#### [Task material]
★ ★ ★ ★ ★ ★ ★

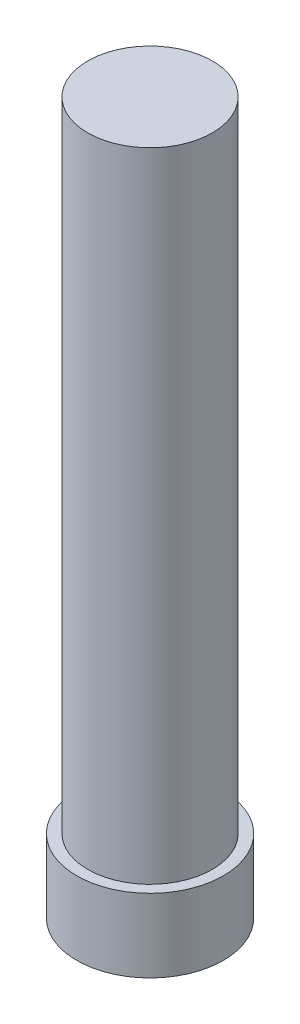
SolidWorks part; units mm, degrees
ref_plane "前视基准面" through (0, 0, 0) normal (0, 0, 1) x (1, 0, 0)
ref_plane "上视基准面" through (0, 0, 0) normal (0, 1, 0) x (1, 0, 0)
ref_plane "右视基准面" through (0, 0, 0) normal (1, 0, 0) x (0, 0, -1)
other "Configuration Table"
sketch "草图2" plane through (0, 0, 0) normal (0, 1, 0) x (1, 0, 0)
  circle A0 centre (0, 0) radius 0.85
  dimension "D1" = 1.7
extrude "凸台-拉伸1" add sketch "草图2" along normal blind 8.7
sketch "草图3" plane through (0, 0, 0) normal (0, -1, 0) x (1, 0, 0)
  circle A0 centre (0, 0) radius 1
  dimension "D1" = 2
extrude "凸台-拉伸2" add sketch "草图3" along normal blind 1

★ ★ ★ ★ ★ ★ ★

#### [Problem to work on]
Scan the lines above for "radius", then copy every one that has it.

#### [Worked solution]
  circle A0 centre (0, 0) radius 0.85
  circle A0 centre (0, 0) radius 1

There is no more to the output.